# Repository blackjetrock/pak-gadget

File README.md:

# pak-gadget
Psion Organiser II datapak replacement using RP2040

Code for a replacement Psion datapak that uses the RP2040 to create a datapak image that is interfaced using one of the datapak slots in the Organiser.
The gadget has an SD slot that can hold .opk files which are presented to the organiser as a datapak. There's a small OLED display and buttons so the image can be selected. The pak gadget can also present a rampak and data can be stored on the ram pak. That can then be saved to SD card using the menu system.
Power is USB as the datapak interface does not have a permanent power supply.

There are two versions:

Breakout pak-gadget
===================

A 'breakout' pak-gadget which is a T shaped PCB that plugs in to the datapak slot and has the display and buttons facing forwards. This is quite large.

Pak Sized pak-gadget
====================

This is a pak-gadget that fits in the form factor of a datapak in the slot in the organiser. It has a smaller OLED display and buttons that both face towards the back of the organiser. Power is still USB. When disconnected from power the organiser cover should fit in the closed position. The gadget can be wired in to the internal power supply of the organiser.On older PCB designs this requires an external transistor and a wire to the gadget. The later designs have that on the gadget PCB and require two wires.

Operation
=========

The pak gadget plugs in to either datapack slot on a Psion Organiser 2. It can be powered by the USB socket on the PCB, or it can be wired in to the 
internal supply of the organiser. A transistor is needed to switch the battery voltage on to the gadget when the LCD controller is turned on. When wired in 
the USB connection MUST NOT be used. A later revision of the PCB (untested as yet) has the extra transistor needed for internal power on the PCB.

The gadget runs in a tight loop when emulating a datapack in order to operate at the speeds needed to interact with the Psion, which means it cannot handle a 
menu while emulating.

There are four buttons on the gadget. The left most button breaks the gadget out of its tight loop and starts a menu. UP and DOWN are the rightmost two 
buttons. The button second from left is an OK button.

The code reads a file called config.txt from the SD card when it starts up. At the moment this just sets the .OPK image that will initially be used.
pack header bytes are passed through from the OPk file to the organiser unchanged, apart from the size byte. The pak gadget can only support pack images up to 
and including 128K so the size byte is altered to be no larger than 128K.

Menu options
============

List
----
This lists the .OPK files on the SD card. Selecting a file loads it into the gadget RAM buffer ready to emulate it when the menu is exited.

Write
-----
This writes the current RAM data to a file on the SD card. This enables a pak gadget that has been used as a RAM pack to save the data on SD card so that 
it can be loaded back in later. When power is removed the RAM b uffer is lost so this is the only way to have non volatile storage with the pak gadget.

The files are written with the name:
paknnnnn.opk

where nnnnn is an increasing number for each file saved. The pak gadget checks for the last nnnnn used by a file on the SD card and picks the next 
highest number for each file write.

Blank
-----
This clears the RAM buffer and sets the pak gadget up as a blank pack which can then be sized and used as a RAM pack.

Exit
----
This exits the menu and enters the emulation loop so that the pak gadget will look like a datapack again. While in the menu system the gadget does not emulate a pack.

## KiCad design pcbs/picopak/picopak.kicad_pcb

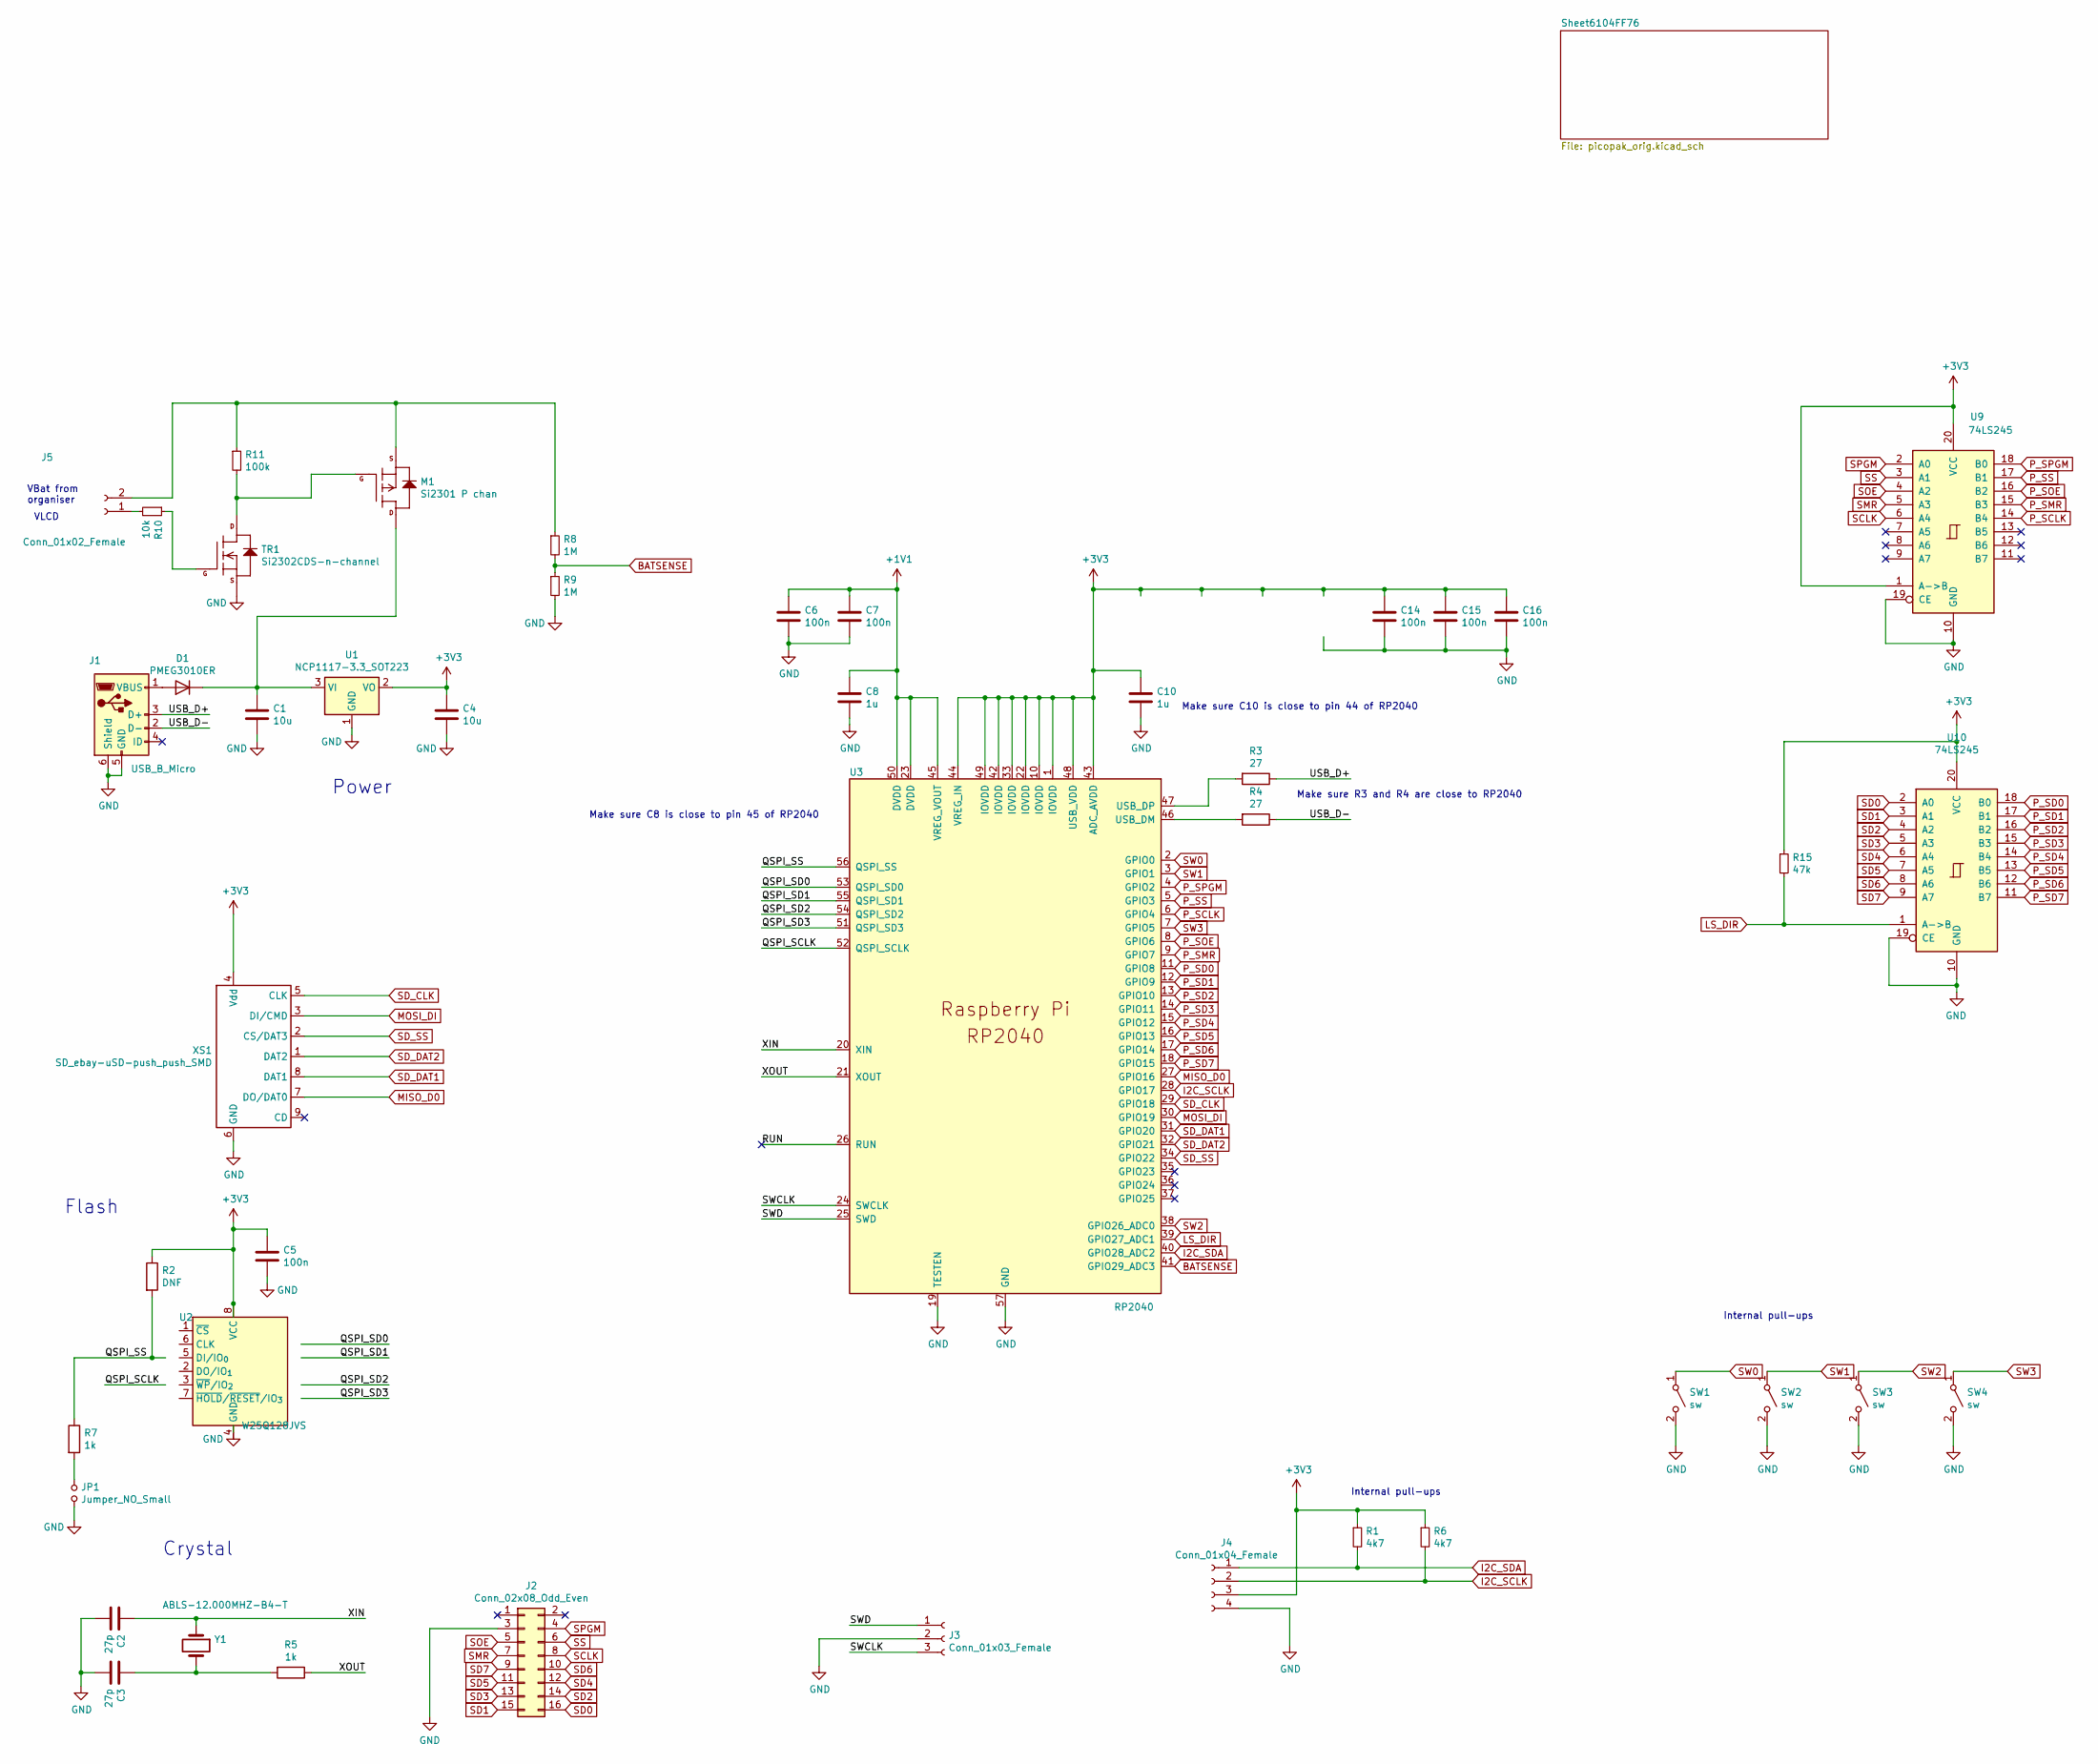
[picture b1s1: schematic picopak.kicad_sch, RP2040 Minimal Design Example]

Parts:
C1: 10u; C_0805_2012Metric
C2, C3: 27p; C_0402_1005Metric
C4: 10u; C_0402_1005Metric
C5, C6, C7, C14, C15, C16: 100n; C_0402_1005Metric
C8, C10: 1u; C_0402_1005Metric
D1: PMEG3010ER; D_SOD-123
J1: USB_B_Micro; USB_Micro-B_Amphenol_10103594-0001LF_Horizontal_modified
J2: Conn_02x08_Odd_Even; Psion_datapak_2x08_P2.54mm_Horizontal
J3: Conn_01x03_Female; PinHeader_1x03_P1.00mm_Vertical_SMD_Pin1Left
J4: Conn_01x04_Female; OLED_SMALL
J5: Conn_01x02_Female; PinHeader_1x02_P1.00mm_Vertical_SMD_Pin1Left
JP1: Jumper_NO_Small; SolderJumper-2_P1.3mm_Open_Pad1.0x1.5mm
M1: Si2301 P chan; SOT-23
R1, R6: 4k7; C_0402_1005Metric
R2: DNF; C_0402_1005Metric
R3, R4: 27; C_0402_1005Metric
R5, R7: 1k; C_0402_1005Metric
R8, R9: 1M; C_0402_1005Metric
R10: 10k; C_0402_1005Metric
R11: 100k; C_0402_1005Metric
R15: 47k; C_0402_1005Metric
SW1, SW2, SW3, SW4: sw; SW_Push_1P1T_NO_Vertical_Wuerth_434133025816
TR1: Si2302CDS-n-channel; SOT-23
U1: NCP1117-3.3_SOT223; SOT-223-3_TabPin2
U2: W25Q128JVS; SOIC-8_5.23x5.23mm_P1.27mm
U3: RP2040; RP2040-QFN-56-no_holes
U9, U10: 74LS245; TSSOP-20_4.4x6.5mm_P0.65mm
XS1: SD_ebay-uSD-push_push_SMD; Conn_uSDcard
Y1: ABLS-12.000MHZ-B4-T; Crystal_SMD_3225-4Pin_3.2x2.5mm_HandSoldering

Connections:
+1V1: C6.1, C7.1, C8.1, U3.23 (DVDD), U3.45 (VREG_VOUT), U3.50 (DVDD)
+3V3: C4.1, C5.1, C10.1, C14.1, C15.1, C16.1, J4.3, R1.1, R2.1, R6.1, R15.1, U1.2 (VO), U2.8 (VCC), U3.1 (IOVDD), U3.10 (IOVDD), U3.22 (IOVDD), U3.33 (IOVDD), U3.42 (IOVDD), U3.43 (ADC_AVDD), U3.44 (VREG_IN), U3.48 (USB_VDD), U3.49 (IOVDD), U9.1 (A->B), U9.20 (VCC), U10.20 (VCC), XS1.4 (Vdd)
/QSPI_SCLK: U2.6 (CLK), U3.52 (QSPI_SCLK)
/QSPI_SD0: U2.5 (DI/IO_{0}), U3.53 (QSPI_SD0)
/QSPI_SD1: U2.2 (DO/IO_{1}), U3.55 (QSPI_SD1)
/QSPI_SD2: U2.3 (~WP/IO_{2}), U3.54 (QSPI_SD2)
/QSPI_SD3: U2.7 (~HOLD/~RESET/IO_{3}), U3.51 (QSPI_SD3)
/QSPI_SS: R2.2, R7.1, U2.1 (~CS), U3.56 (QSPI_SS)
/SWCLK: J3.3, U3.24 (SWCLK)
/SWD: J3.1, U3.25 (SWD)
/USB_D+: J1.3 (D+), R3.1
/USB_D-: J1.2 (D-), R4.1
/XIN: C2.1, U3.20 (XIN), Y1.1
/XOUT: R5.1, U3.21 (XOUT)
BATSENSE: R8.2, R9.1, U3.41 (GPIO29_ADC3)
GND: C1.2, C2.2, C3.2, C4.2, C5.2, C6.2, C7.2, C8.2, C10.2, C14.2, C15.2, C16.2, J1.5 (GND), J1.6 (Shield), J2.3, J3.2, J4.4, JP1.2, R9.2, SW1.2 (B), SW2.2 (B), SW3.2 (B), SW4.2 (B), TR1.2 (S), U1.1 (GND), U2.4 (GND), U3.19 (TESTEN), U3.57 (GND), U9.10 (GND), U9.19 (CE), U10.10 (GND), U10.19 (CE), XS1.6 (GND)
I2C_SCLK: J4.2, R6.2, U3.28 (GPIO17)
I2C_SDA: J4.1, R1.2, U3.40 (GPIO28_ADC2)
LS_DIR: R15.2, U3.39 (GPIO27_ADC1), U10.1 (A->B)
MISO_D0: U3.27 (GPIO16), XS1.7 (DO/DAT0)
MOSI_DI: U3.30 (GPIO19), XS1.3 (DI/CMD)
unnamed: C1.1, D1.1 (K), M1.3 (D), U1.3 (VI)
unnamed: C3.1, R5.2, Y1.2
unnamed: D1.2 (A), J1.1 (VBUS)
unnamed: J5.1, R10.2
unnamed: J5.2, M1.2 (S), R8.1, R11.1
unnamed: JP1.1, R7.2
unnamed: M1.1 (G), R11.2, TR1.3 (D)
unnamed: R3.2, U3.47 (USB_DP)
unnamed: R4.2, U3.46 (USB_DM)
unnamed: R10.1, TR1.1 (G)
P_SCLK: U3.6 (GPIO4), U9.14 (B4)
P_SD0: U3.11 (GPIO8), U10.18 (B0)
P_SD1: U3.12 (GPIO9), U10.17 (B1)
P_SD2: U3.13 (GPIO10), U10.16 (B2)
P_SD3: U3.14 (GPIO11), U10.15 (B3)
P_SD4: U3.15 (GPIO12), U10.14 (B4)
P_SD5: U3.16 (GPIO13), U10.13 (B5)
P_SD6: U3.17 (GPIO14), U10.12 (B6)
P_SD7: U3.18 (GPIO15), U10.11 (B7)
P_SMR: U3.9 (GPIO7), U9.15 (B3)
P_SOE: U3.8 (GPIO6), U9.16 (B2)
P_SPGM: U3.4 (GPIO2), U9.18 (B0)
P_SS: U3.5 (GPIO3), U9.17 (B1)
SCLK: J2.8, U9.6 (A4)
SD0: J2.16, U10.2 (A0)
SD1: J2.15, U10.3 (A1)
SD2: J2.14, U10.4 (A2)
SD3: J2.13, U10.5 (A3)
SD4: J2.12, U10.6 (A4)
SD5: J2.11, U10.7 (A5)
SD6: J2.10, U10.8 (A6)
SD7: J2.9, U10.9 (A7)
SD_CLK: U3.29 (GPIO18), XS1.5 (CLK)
————
Reproduce the line that contains "unnamed: C1.1, D1.1 (K), M1.3 (D), U1.3 (VI)" and each line after it through the last line of the entries above, exactly; leave out all earlier lines.

unnamed: C1.1, D1.1 (K), M1.3 (D), U1.3 (VI)
unnamed: C3.1, R5.2, Y1.2
unnamed: D1.2 (A), J1.1 (VBUS)
unnamed: J5.1, R10.2
unnamed: J5.2, M1.2 (S), R8.1, R11.1
unnamed: JP1.1, R7.2
unnamed: M1.1 (G), R11.2, TR1.3 (D)
unnamed: R3.2, U3.47 (USB_DP)
unnamed: R4.2, U3.46 (USB_DM)
unnamed: R10.1, TR1.1 (G)
P_SCLK: U3.6 (GPIO4), U9.14 (B4)
P_SD0: U3.11 (GPIO8), U10.18 (B0)
P_SD1: U3.12 (GPIO9), U10.17 (B1)
P_SD2: U3.13 (GPIO10), U10.16 (B2)
P_SD3: U3.14 (GPIO11), U10.15 (B3)
P_SD4: U3.15 (GPIO12), U10.14 (B4)
P_SD5: U3.16 (GPIO13), U10.13 (B5)
P_SD6: U3.17 (GPIO14), U10.12 (B6)
P_SD7: U3.18 (GPIO15), U10.11 (B7)
P_SMR: U3.9 (GPIO7), U9.15 (B3)
P_SOE: U3.8 (GPIO6), U9.16 (B2)
P_SPGM: U3.4 (GPIO2), U9.18 (B0)
P_SS: U3.5 (GPIO3), U9.17 (B1)
SCLK: J2.8, U9.6 (A4)
SD0: J2.16, U10.2 (A0)
SD1: J2.15, U10.3 (A1)
SD2: J2.14, U10.4 (A2)
SD3: J2.13, U10.5 (A3)
SD4: J2.12, U10.6 (A4)
SD5: J2.11, U10.7 (A5)
SD6: J2.10, U10.8 (A6)
SD7: J2.9, U10.9 (A7)
SD_CLK: U3.29 (GPIO18), XS1.5 (CLK)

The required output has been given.